Объективная критика, отнюдь не отказываясь от общего понятия о положительном герое и о героизме, не принимала вместе с тем плакатную эстетику, хотя последняя порой прикрывалась именно понятием положительного героя. Только был ли подразумеваемый ею герой воистину положительным?

Вспомним: герой-новатор из упомянутого производственного романа, герой нравоучительно-прикладной прозы конца 40-х – начала 50-х предстанет перед нами в любопытном свете, если мы взглянем на него сквозь призму общей теории положительного героя, чье ядро мы отыскали в новейших статьях. Мы обнаружим в описании героя-новатора целый реестр замечательных качеств. Но мы не сможем обнаружить, над какими серьезными задачами времени он трудился. Его занимало техническое рационализаторство, его «новаторство» и «активность» сводились к участию в какой-нибудь скоротечной кампании, «хозяином» и «творцом» он был лишь на словах, видеть в нем «силу примера» было бы самообманом. То был не герой, а ходячее мероприятие. О психологии не говорим.

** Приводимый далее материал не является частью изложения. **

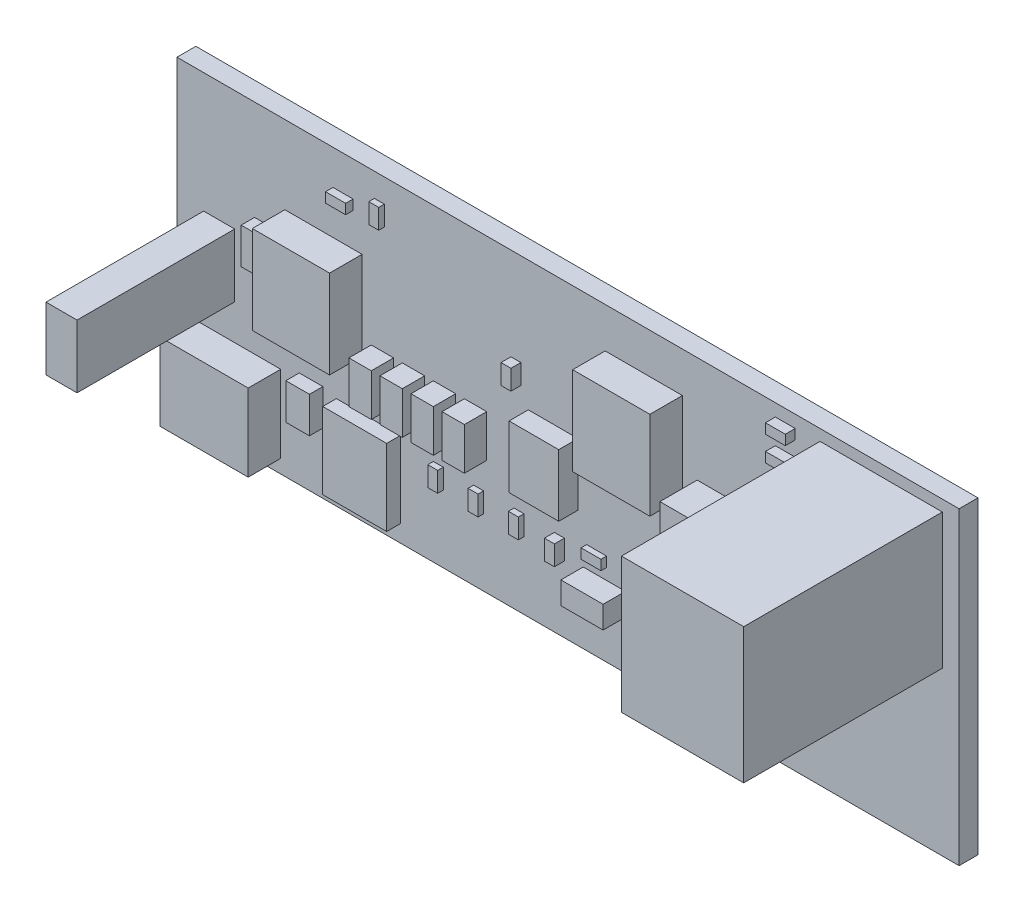
from build123d import *

# Parameters (mm, degrees)
SKETCH_1_W                  = 63
SKETCH_1_H                  = 24.9
BOARD_DEPTH                 = 1.522
SKETCH_2_W                  = 2.5
SKETCH_2_H                  = 5.08
TE_826629_2_1_DEPTH         = 12.7
EXTRUDE_C1206_1_DEPTH       = 1.8
SKETCH_4_W                  = 1.9
SKETCH_4_H                  = 2.9
DO_219AB_1_DEPTH            = 1.08
EXTRUDE_C1206_2_DEPTH       = 1.8
SKETCH_6_W                  = 0.8
SKETCH_6_H                  = 1.6001
EXTRUDE_C0603_1_DEPTH       = 0.8
SKETCH_7_W                  = 9.85
SKETCH_7_H                  = 10.9
EXTRUDE_4_1775099_0_1_DEPTH = 16
SKETCH_8_W                  = 5.15
SKETCH_8_H                  = 6.15
SON_8_1_DEPTH               = 1.1
SKETCH_9_W                  = 6.22
SKETCH_9_H                  = 7.11
DO_214AB_1_DEPTH            = 2.62
SKETCH_10_W                 = 7.11
SKETCH_10_H                 = 6.22
DO_214AB_2_DEPTH            = 2.62
SKETCH_11_W                 = 1.9
SKETCH_11_H                 = 2.9
DO_219AB_2_DEPTH            = 1.08
SKETCH_12_W                 = 6.22
SKETCH_12_H                 = 7.11
DO_214AB_3_DEPTH            = 2.62
SKETCH_13_W                 = 1.6
SKETCH_13_H                 = 0.8
EXTRUDE_R0603_1_DEPTH       = 0.45
SKETCH_14_W                 = 1.6
SKETCH_14_H                 = 0.8
EXTRUDE_R0603_2_DEPTH       = 0.45
SKETCH_15_W                 = 1.6
SKETCH_15_H                 = 0.8
EXTRUDE_R0603_3_DEPTH       = 0.45
SKETCH_16_W                 = 1.6
SKETCH_16_H                 = 0.8
EXTRUDE_R0603_4_DEPTH       = 0.45
SKETCH_17_W                 = 0.8
SKETCH_17_H                 = 1.6
EXTRUDE_R0603_5_DEPTH       = 0.45
SKETCH_18_W                 = 0.8
SKETCH_18_H                 = 1.6
EXTRUDE_R0603_6_DEPTH       = 0.45
SKETCH_19_W                 = 0.8
SKETCH_19_H                 = 1.6
EXTRUDE_R0603_7_DEPTH       = 0.45
SKETCH_20_W                 = 0.8
SKETCH_20_H                 = 1.6
EXTRUDE_R0603_8_DEPTH       = 0.45
SKETCH_21_W                 = 0.8
SKETCH_21_H                 = 1.6
EXTRUDE_R0603_9_DEPTH       = 0.45
SKETCH_22_W                 = 7.6
SKETCH_22_H                 = 6.9
SRP_2_670X660X280_1_DEPTH   = 3
SKETCH_23_W                 = 1.6201
SKETCH_23_H                 = 0.8
HL0603_1_DEPTH              = 0.6
SKETCH_24_W                 = 1.6201
SKETCH_24_H                 = 0.8
HL0603_2_DEPTH              = 0.6
SKETCH_25_W                 = 4
SKETCH_25_H                 = 5
HSOIC_8_1_DEPTH             = 1.55
SKETCH_26_W                 = 1.6001
SKETCH_26_H                 = 0.8
EXTRUDE_C0603_2_DEPTH       = 0.8
SKETCH_27_W                 = 1.6001
SKETCH_27_H                 = 0.8
EXTRUDE_C0603_3_DEPTH       = 0.8
SKETCH_28_W                 = 1.6001
SKETCH_28_H                 = 0.8
EXTRUDE_C0603_4_DEPTH       = 0.8
SKETCH_29_W                 = 1.6001
SKETCH_29_H                 = 0.8
EXTRUDE_C0603_5_DEPTH       = 0.8
SKETCH_30_W                 = 0.8
SKETCH_30_H                 = 1.6001
EXTRUDE_C0603_6_DEPTH       = 0.8
EXTRUDE_C1206_3_DEPTH       = 1.8
EXTRUDE_C1206_4_DEPTH       = 1.8
EXTRUDE_C1206_5_DEPTH       = 1.8


with BuildPart() as part:
    # Эскиз1 → BOARD (new body)
    with BuildSketch(Plane.XY):
        with Locations((31.5, 12.45)):
            Rectangle(SKETCH_1_W, SKETCH_1_H)
    extrude(amount=BOARD_DEPTH)


with BuildPart() as body_2:
    # Эскиз2 → TE_826629-2-1 (new body)
    with BuildSketch(Plane.XY.offset(1.522)):
        with Locations((3.4002, 12.6998)):
            Rectangle(SKETCH_2_W, SKETCH_2_H)
    extrude(amount=TE_826629_2_1_DEPTH)


with BuildPart() as body_3:
    # Эскиз3 → C1206-1 (new body)
    with BuildSketch(Plane.XY.offset(1.522)):
        Polygon((19.95, 11.85), (19.95, 10.05), (19.95, 9.25), (18.15, 9.25), (18.15, 10.05), (18.15, 11.85), (18.15, 12.65), (19.95, 12.65), align=None)
    extrude(amount=EXTRUDE_C1206_1_DEPTH)


with BuildPart() as body_4:
    # Эскиз4 → DO-219AB-1 (new body)
    with BuildSketch(Plane.XY.offset(1.522)):
        with Locations((7.2, 15.4)):
            Rectangle(SKETCH_4_W, SKETCH_4_H)
    extrude(amount=DO_219AB_1_DEPTH)


with BuildPart() as body_5:
    # Эскиз5 → C1206-2 (new body)
    with BuildSketch(Plane.XY.offset(1.522)):
        Polygon((35.325, 3.9), (33.525, 3.9), (32.725, 3.9), (32.725, 5.7), (33.525, 5.7), (35.325, 5.7), (36.125, 5.7), (36.125, 3.9), align=None)
    extrude(amount=EXTRUDE_C1206_2_DEPTH)


with BuildPart() as body_6:
    # Эскиз6 → C0603-1 (new body)
    with BuildSketch(Plane.XY.offset(1.522)):
        with Locations((30.8002, 6.14985)):
            Rectangle(SKETCH_6_W, SKETCH_6_H)
    extrude(amount=EXTRUDE_C0603_1_DEPTH)


with BuildPart() as body_7:
    # Эскиз7 → 4-1775099-0-1 (new body)
    with BuildSketch(Plane.XY.offset(1.522)):
        with Locations((56.7251, 18.5501)):
            Rectangle(SKETCH_7_W, SKETCH_7_H)
    extrude(amount=EXTRUDE_4_1775099_0_1_DEPTH)


with BuildPart() as body_8:
    # Эскиз8 → SON-8-1 (new body)
    with BuildSketch(Plane.XY.offset(1.522)):
        with Locations((15.415, 4.43)):
            Rectangle(SKETCH_8_W, SKETCH_8_H)
    extrude(amount=SON_8_1_DEPTH)


with BuildPart() as body_9:
    # Эскиз9 → DO-214AB-1 (new body)
    with BuildSketch(Plane.XY.offset(1.522)):
        with Locations((37.6, 18.1)):
            Rectangle(SKETCH_9_W, SKETCH_9_H)
    extrude(amount=DO_214AB_1_DEPTH)


with BuildPart() as body_10:
    # Эскиз10 → DO-214AB-2 (new body)
    with BuildSketch(Plane.XY.offset(1.522)):
        with Locations((4.8, 4.2)):
            Rectangle(SKETCH_10_W, SKETCH_10_H)
    extrude(amount=DO_214AB_2_DEPTH)


with BuildPart() as body_11:
    # Эскиз11 → DO-219AB-2 (new body)
    with BuildSketch(Plane.XY.offset(1.522)):
        with Locations((10.8, 6.35)):
            Rectangle(SKETCH_11_W, SKETCH_11_H)
    extrude(amount=DO_219AB_2_DEPTH)


with BuildPart() as body_12:
    # Эскиз12 → DO-214AB-3 (new body)
    with BuildSketch(Plane.XY.offset(1.522)):
        with Locations((11.8, 15.05)):
            Rectangle(SKETCH_12_W, SKETCH_12_H)
    extrude(amount=DO_214AB_3_DEPTH)


with BuildPart() as body_13:
    # Эскиз13 → R0603-1 (new body)
    with BuildSketch(Plane.XY.offset(1.522)):
        with Locations((50.2999, 5.0001)):
            Rectangle(SKETCH_13_W, SKETCH_13_H)
    extrude(amount=EXTRUDE_R0603_1_DEPTH)


with BuildPart() as body_14:
    # Эскиз14 → R0603-2 (new body)
    with BuildSketch(Plane.XY.offset(1.522)):
        with Locations((42.9499, 5.4501)):
            Rectangle(SKETCH_14_W, SKETCH_14_H)
    extrude(amount=EXTRUDE_R0603_2_DEPTH)


with BuildPart() as body_15:
    # Эскиз15 → R0603-3 (new body)
    with BuildSketch(Plane.XY.offset(1.522)):
        with Locations((42.9751, 3.4499)):
            Rectangle(SKETCH_15_W, SKETCH_15_H)
    extrude(amount=EXTRUDE_R0603_3_DEPTH)


with BuildPart() as body_16:
    # Эскиз16 → R0603-4 (new body)
    with BuildSketch(Plane.XY.offset(1.522)):
        with Locations((33.7999, 7.0001)):
            Rectangle(SKETCH_16_W, SKETCH_16_H)
    extrude(amount=EXTRUDE_R0603_4_DEPTH)


with BuildPart() as body_17:
    # Эскиз17 → R0603-5 (new body)
    with BuildSketch(Plane.XY.offset(1.522)):
        with Locations((27.5501, 6.2251)):
            Rectangle(SKETCH_17_W, SKETCH_17_H)
    extrude(amount=EXTRUDE_R0603_5_DEPTH)


with BuildPart() as body_18:
    # Эскиз18 → R0603-6 (new body)
    with BuildSketch(Plane.XY.offset(1.522)):
        with Locations((21.0499, 6.2249)):
            Rectangle(SKETCH_18_W, SKETCH_18_H)
    extrude(amount=EXTRUDE_R0603_6_DEPTH)


with BuildPart() as body_19:
    # Эскиз19 → R0603-7 (new body)
    with BuildSketch(Plane.XY.offset(1.522)):
        with Locations((24.3001, 6.2001)):
            Rectangle(SKETCH_19_W, SKETCH_19_H)
    extrude(amount=EXTRUDE_R0603_7_DEPTH)


with BuildPart() as body_20:
    # Эскиз20 → R0603-8 (new body)
    with BuildSketch(Plane.XY.offset(1.522)):
        with Locations((7.3001, 11.2001)):
            Rectangle(SKETCH_20_W, SKETCH_20_H)
    extrude(amount=EXTRUDE_R0603_8_DEPTH)


with BuildPart() as body_21:
    # Эскиз21 → R0603-9 (new body)
    with BuildSketch(Plane.XY.offset(1.522)):
        with Locations((16.2999, 22.1999)):
            Rectangle(SKETCH_21_W, SKETCH_21_H)
    extrude(amount=EXTRUDE_R0603_9_DEPTH)


with BuildPart() as body_22:
    # Эскиз22 → SRP-2-670X660X280-1 (new body)
    with BuildSketch(Plane.XY.offset(1.522)):
        with Locations((45.7, 12.9)):
            Rectangle(SKETCH_22_W, SKETCH_22_H)
    extrude(amount=SRP_2_670X660X280_1_DEPTH)


with BuildPart() as body_23:
    # Эскиз23 → HL0603-1 (new body)
    with BuildSketch(Plane.XY.offset(1.522)):
        with Locations((50.27505, 3.1749)):
            Rectangle(SKETCH_23_W, SKETCH_23_H)
    extrude(amount=HL0603_1_DEPTH)


with BuildPart() as body_24:
    # Эскиз24 → HL0603-2 (new body)
    with BuildSketch(Plane.XY.offset(1.522)):
        with Locations((13.37505, 21.6999)):
            Rectangle(SKETCH_24_W, SKETCH_24_H)
    extrude(amount=HL0603_2_DEPTH)


with BuildPart() as body_25:
    # Эскиз25 → HSOIC-8-1 (new body)
    with BuildSketch(Plane.XY.offset(1.522)):
        with Locations((30.3, 11.95)):
            Rectangle(SKETCH_25_W, SKETCH_25_H)
    extrude(amount=HSOIC_8_1_DEPTH)


with BuildPart() as body_26:
    # Эскиз26 → C0603-2 (new body)
    with BuildSketch(Plane.XY.offset(1.522)):
        with Locations((48.99985, 23.4998)):
            Rectangle(SKETCH_26_W, SKETCH_26_H)
    extrude(amount=EXTRUDE_C0603_2_DEPTH)


with BuildPart() as body_27:
    # Эскиз27 → C0603-3 (new body)
    with BuildSketch(Plane.XY.offset(1.522)):
        with Locations((48.99985, 21.4998)):
            Rectangle(SKETCH_27_W, SKETCH_27_H)
    extrude(amount=EXTRUDE_C0603_3_DEPTH)


with BuildPart() as body_28:
    # Эскиз28 → C0603-4 (new body)
    with BuildSketch(Plane.XY.offset(1.522)):
        with Locations((48.94985, 19.4998)):
            Rectangle(SKETCH_28_W, SKETCH_28_H)
    extrude(amount=EXTRUDE_C0603_4_DEPTH)


with BuildPart() as body_29:
    # Эскиз29 → C0603-5 (new body)
    with BuildSketch(Plane.XY.offset(1.522)):
        with Locations((48.99985, 17.4998)):
            Rectangle(SKETCH_29_W, SKETCH_29_H)
    extrude(amount=EXTRUDE_C0603_5_DEPTH)


with BuildPart() as body_30:
    # Эскиз30 → C0603-6 (new body)
    with BuildSketch(Plane.XY.offset(1.522)):
        with Locations((27.2998, 16.65015)):
            Rectangle(SKETCH_30_W, SKETCH_30_H)
    extrude(amount=EXTRUDE_C0603_6_DEPTH)


with BuildPart() as body_31:
    # Эскиз31 → C1206-3 (new body)
    with BuildSketch(Plane.XY.offset(1.522)):
        Polygon((24.95, 11.85), (24.95, 10.05), (24.95, 9.25), (23.15, 9.25), (23.15, 10.05), (23.15, 11.85), (23.15, 12.65), (24.95, 12.65), align=None)
    extrude(amount=EXTRUDE_C1206_3_DEPTH)


with BuildPart() as body_32:
    # Эскиз32 → C1206-4 (new body)
    with BuildSketch(Plane.XY.offset(1.522)):
        Polygon((22.45, 11.85), (22.45, 10.05), (22.45, 9.25), (20.65, 9.25), (20.65, 10.05), (20.65, 11.85), (20.65, 12.65), (22.45, 12.65), align=None)
    extrude(amount=EXTRUDE_C1206_4_DEPTH)


with BuildPart() as body_33:
    # Эскиз33 → C1206-5 (new body)
    with BuildSketch(Plane.XY.offset(1.522)):
        Polygon((17.45, 11.85), (17.45, 10.05), (17.45, 9.25), (15.65, 9.25), (15.65, 10.05), (15.65, 11.85), (15.65, 12.65), (17.45, 12.65), align=None)
    extrude(amount=EXTRUDE_C1206_5_DEPTH)


solid = Compound([part.part, body_2.part, body_3.part, body_4.part, body_5.part, body_6.part, body_7.part, body_8.part, body_9.part, body_10.part, body_11.part, body_12.part, body_13.part, body_14.part, body_15.part, body_16.part, body_17.part, body_18.part, body_19.part, body_20.part, body_21.part, body_22.part, body_23.part, body_24.part, body_25.part, body_26.part, body_27.part, body_28.part, body_29.part, body_30.part, body_31.part, body_32.part, body_33.part])

Положительный – в номинале – облик здесь был налицо, а положительного действия, в сущности, не было. Читателю этот герой оказался не нужен, критика била при его появлении в литавры, а затем забывала о нем.

Достойно удивления, что подобные герои, далекие от художественной правды, преспокойно существовали и даже процветали, хотя рядом рождались такие крупные, впечатляющие характеры, как, например, леоновский Вихров.

Разрыв между действием и обликом. Тут есть над чем поразмыслить. Думается, что теория положительного героя не может быть развита без связи с теорией художественного характера как такового. Критика, как мы знаем, постоянно ищет в литературе персонажей «живых», «многомерных», «убедительных», «высокохудожественных», «полнокровных». Все законно. Только эти эпитеты требуют порой разъяснения.

Характер героя – это художественный образ, и у него есть конструктивные принципы. Если вообразить себе «полнокровный», «живой» характер в наиболее развернутом, теоретически возможном виде, то он как целое будет включать определенные элементы. Абстрагируясь до поры от психологических закономерностей создания и восприятия конкретных героев, можно теоретически выделить в структуре художественного характера следующие аспекты.

  1. Картину внешнего пространственного поведения человека в существенных обстоятельствах.
  2. 2. Описание свойств человека, причем эти свойства делятся – разумеется, при специальном теоретическом отвлечении от их реальной диалектики – на три типа: а) природные или телесные; в) этические; с) социальные.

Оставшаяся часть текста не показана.